As President Obama this week announced plans to extend overtime pay to more US workers, many artists and non-profit organisations are pushing for wage increases, including Andrea Bowers, an artist and senior lecturer at the Otis College of Art and Design in Los Angeles. “Faculty [members] are making the same amount as McDonald’s workers,” she says. Instructors are paid per course with a semester-long fee, but this hovers around minimum wage if the number of hours spent on the course are taken into consideration, Bowers says.
Bowers, along with other art faculty members in Los Angeles, has been directly involved with “Fight for 15”, a national US campaign to increase the minimum wage to $15 an hour. They identify with other low-wage earners, even though their employment will not see any direct benefits from the increase. Artists have been bringing a visual component to the Fight for 15 campaigns. Many, including Andrea Bowers, Ken Ehrlich, Sandra de la Loza, Matthew Owen Driggs and Janet Owen Driggs, have been creating banners, costumes and slogan designs, and hosting silkscreen workshops at rallies.

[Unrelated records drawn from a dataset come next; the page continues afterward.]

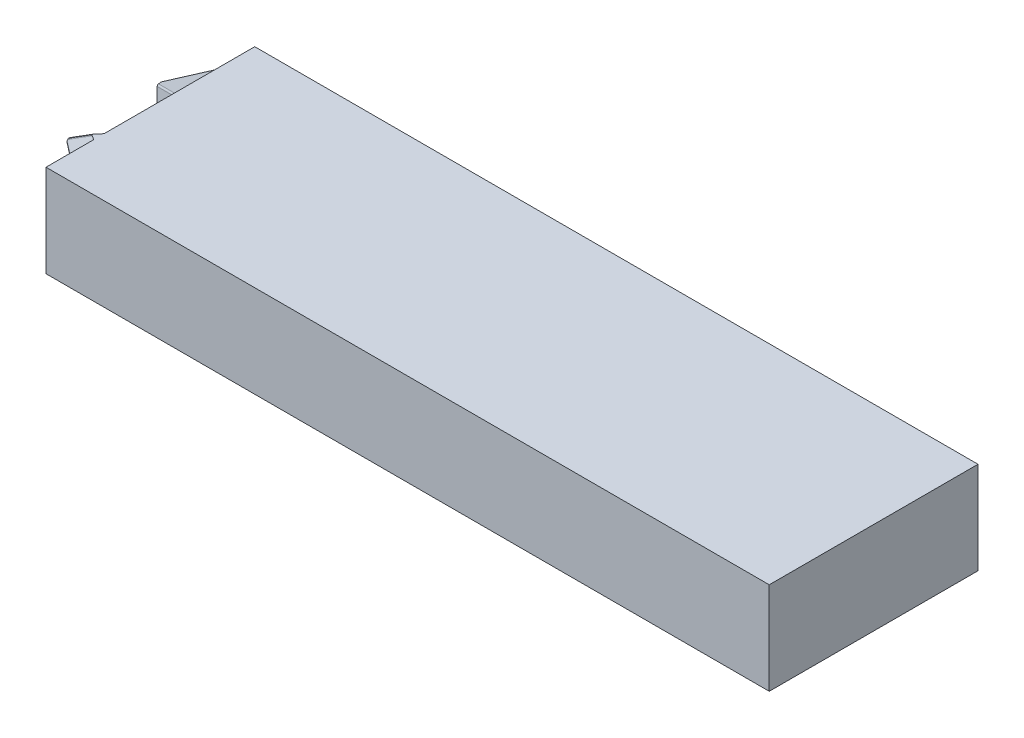
ISO-10303-21;
HEADER;
FILE_DESCRIPTION(('STEP AP214'),'2;1');
FILE_NAME('part.step','',(''),(''),'','','');
FILE_SCHEMA(('AUTOMOTIVE_DESIGN { 1 0 10303 214 1 1 1 1 }'));
ENDSEC;
DATA;
#1=APPLICATION_CONTEXT('core data for automotive mechanical design processes');
#2=APPLICATION_PROTOCOL_DEFINITION('international standard','automotive_design',2000,#1);
#3=PRODUCT_CONTEXT('',#1,'mechanical');
#4=PRODUCT('Part','Part','',(#3));
#5=PRODUCT_RELATED_PRODUCT_CATEGORY('part','',(#4));
#6=PRODUCT_DEFINITION_FORMATION('','',#4);
#7=PRODUCT_DEFINITION_CONTEXT('part definition',#1,'design');
#8=PRODUCT_DEFINITION('design','',#6,#7);
#9=PRODUCT_DEFINITION_SHAPE('','',#8);
#10=(LENGTH_UNIT() NAMED_UNIT(*) SI_UNIT(.MILLI.,.METRE.));
#11=(NAMED_UNIT(*) PLANE_ANGLE_UNIT() SI_UNIT($,.RADIAN.));
#12=(NAMED_UNIT(*) SI_UNIT($,.STERADIAN.) SOLID_ANGLE_UNIT());
#13=UNCERTAINTY_MEASURE_WITH_UNIT(LENGTH_MEASURE(1.E-05),#10,'distance_accuracy_value','');
#14=(GEOMETRIC_REPRESENTATION_CONTEXT(3) GLOBAL_UNCERTAINTY_ASSIGNED_CONTEXT((#13)) GLOBAL_UNIT_ASSIGNED_CONTEXT((#10,
#11,#12)) REPRESENTATION_CONTEXT('',''));
#15=CARTESIAN_POINT('',(0.,0.,0.));
#16=DIRECTION('',(0.,0.,1.));
#17=DIRECTION('',(1.,0.,0.));
#18=AXIS2_PLACEMENT_3D('',#15,#16,#17);
#19=CARTESIAN_POINT('',(-11.,2.8067,-3.175));
#20=DIRECTION('',(1.,0.,0.));
#21=DIRECTION('',(0.,0.,-1.));
#22=AXIS2_PLACEMENT_3D('',#19,#20,#21);
#23=PLANE('',#22);
#24=DIRECTION('',(0.,-0.87607248437468,0.482179429384514));
#25=VECTOR('',#24,1.);
#26=CARTESIAN_POINT('',(-11.,2.2745196464413,2.01462656238576));
#27=LINE('',#26,#25);
#28=CARTESIAN_POINT('',(-11.,2.8067,1.72172109647361));
#29=VERTEX_POINT('',#28);
#30=CARTESIAN_POINT('',(-11.,1.86321507108885,2.24100349920765));
#31=VERTEX_POINT('',#30);
#32=EDGE_CURVE('E237',#29,#31,#27,.T.);
#33=ORIENTED_EDGE('',*,*,#32,.T.);
#34=CARTESIAN_POINT('',(-11.,1.84729757885279,2.18563022142526));
#35=DIRECTION('',(1.,0.,0.));
#36=DIRECTION('',(0.,0.292680628640583,-0.956210253876496));
#37=AXIS2_PLACEMENT_3D('',#34,#35,#36);
#38=ELLIPSE('',#37,0.062410100244307,0.049609375);
#39=CARTESIAN_POINT('',(-11.,1.8031131352836,2.2226072602187));
#40=VERTEX_POINT('',#39);
#41=EDGE_CURVE('E229',#31,#40,#38,.T.);
#42=ORIENTED_EDGE('',*,*,#41,.T.);
#43=DIRECTION('',(0.,-0.456090790910399,-0.889933250556876));
#44=VECTOR('',#43,1.);
#45=CARTESIAN_POINT('',(-11.,0.0120613961511823,-1.27212784052748));
#46=LINE('',#45,#44);
#47=CARTESIAN_POINT('',(-11.,0.,-1.29566227204198));
#48=VERTEX_POINT('',#47);
#49=EDGE_CURVE('E193',#40,#48,#46,.T.);
#50=ORIENTED_EDGE('',*,*,#49,.T.);
#51=DIRECTION('',(0.,0.,1.));
#52=VECTOR('',#51,1.);
#53=CARTESIAN_POINT('',(-11.,0.,-3.175));
#54=LINE('',#53,#52);
#55=CARTESIAN_POINT('',(-11.,0.,3.175));
#56=VERTEX_POINT('',#55);
#57=EDGE_CURVE('E393',#48,#56,#54,.T.);
#58=ORIENTED_EDGE('',*,*,#57,.T.);
#59=DIRECTION('',(0.,-1.,0.));
#60=VECTOR('',#59,1.);
#61=CARTESIAN_POINT('',(-11.,2.8067,3.175));
#62=LINE('',#61,#60);
#63=CARTESIAN_POINT('',(-11.,2.8067,3.175));
#64=VERTEX_POINT('',#63);
#65=EDGE_CURVE('E400',#64,#56,#62,.T.);
#66=ORIENTED_EDGE('',*,*,#65,.F.);
#67=DIRECTION('',(0.,0.,1.));
#68=VECTOR('',#67,1.);
#69=CARTESIAN_POINT('',(-11.,2.8067,-3.175));
#70=LINE('',#69,#68);
#71=EDGE_CURVE('E382',#29,#64,#70,.T.);
#72=ORIENTED_EDGE('',*,*,#71,.F.);
#73=EDGE_LOOP('',(#33,#42,#50,#58,#66,#72));
#74=FACE_BOUND('',#73,.T.);
#75=ADVANCED_FACE('F39',(#74),#23,.F.);
#76=DIRECTION('',(0.,-1.,0.));
#77=VECTOR('',#76,1.);
#78=CARTESIAN_POINT('',(-11.,0.912218846153847,-0.692687520153666));
#79=LINE('',#78,#77);
#80=CARTESIAN_POINT('',(-11.,2.75866154006839,-0.692687520153666));
#81=VERTEX_POINT('',#80);
#82=CARTESIAN_POINT('',(-11.,1.80145727445214,-0.692687520153666));
#83=VERTEX_POINT('',#82);
#84=EDGE_CURVE('E409',#81,#83,#79,.T.);
#85=ORIENTED_EDGE('',*,*,#84,.T.);
#86=CARTESIAN_POINT('',(-11.,1.82172140136658,-0.636501427795264));
#87=DIRECTION('',(1.,0.,0.));
#88=DIRECTION('',(0.,-0.853282189545148,-0.521449427082855));
#89=AXIS2_PLACEMENT_3D('',#86,#87,#88);
#90=ELLIPSE('',#89,0.0708518275062262,0.049609375);
#91=CARTESIAN_POINT('',(-11.,1.76247801772125,-0.62890318402688));
#92=VERTEX_POINT('',#91);
#93=EDGE_CURVE('E224',#83,#92,#90,.F.);
#94=ORIENTED_EDGE('',*,*,#93,.T.);
#95=DIRECTION('',(0.,0.456180989989925,0.889887017756643));
#96=VECTOR('',#95,1.);
#97=CARTESIAN_POINT('',(-11.,2.7107906973169,1.22100104447861));
#98=LINE('',#97,#96);
#99=CARTESIAN_POINT('',(-11.,2.8067,1.40809442454617));
#100=VERTEX_POINT('',#99);
#101=EDGE_CURVE('E411',#92,#100,#98,.T.);
#102=ORIENTED_EDGE('',*,*,#101,.T.);
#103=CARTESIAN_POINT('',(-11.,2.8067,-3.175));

In June, Los Angeles became the largest city in the US to introduce a $15-per-hour minimum wage. The implementation will be incremental, with wages rising from July 2016 and scheduled to reach $15 an hour by 2020. The announcement follows in the footsteps of Seattle and San Francisco, both cities that have brought the minimum-wage to $15 an hour. States including Minnesota and Oregon are seeing an increase in their minimum wage as well.
Some in the art world argue that the minimum wage increases do not go far enough. “A living wage is vital for a strong economy and a healthy society,” says Ben Heywood, director of the Soap Factory, an experimental art gallery set in a former 19th-century factory in Minneapolis. “If you can't pay people you shouldn’t hire them.” The state of Minnesota is currently undergoing an incremental increase in the minimum wage, which will see the hourly minimum go up to $9.50 in August 2016, followed by annual raises adjusted with inflation. Heywood says that his staff’s salaries will not be affected because they are already above minimum wage.
The New York-based activist organisation, Working Artists for the Greater Economy, sees only “ ‘pros’ to raising the minimum wage, whether in the non-profit [organisation] or for-profit sectors,” according to an email statement. “In fact, a living wage should be implemented as a minimum base standard across all sectors.” Some artists agree: Los Angeles-based Alli Miller calls the new minimum-wage figure “arbitrary”. “It is exceedingly difficult to survive on the $15-an-hour, 40-hour work week model, let alone nurture a family, artistic practice, both or otherwise,” she says.
But not everyone in the art world supports the increase. Some non-profit organisations are worried that they will not be able to cover the costs. “There is little guarantee that grants will go up,” says Nancy Berlin, policy director of the California Association of Nonprofits. The organisation produced a survey on how the minimum-wage increase would affect non-profit organisations last November, which found that many organisation fear being “forced to either lay off workers or severely cut back hours”.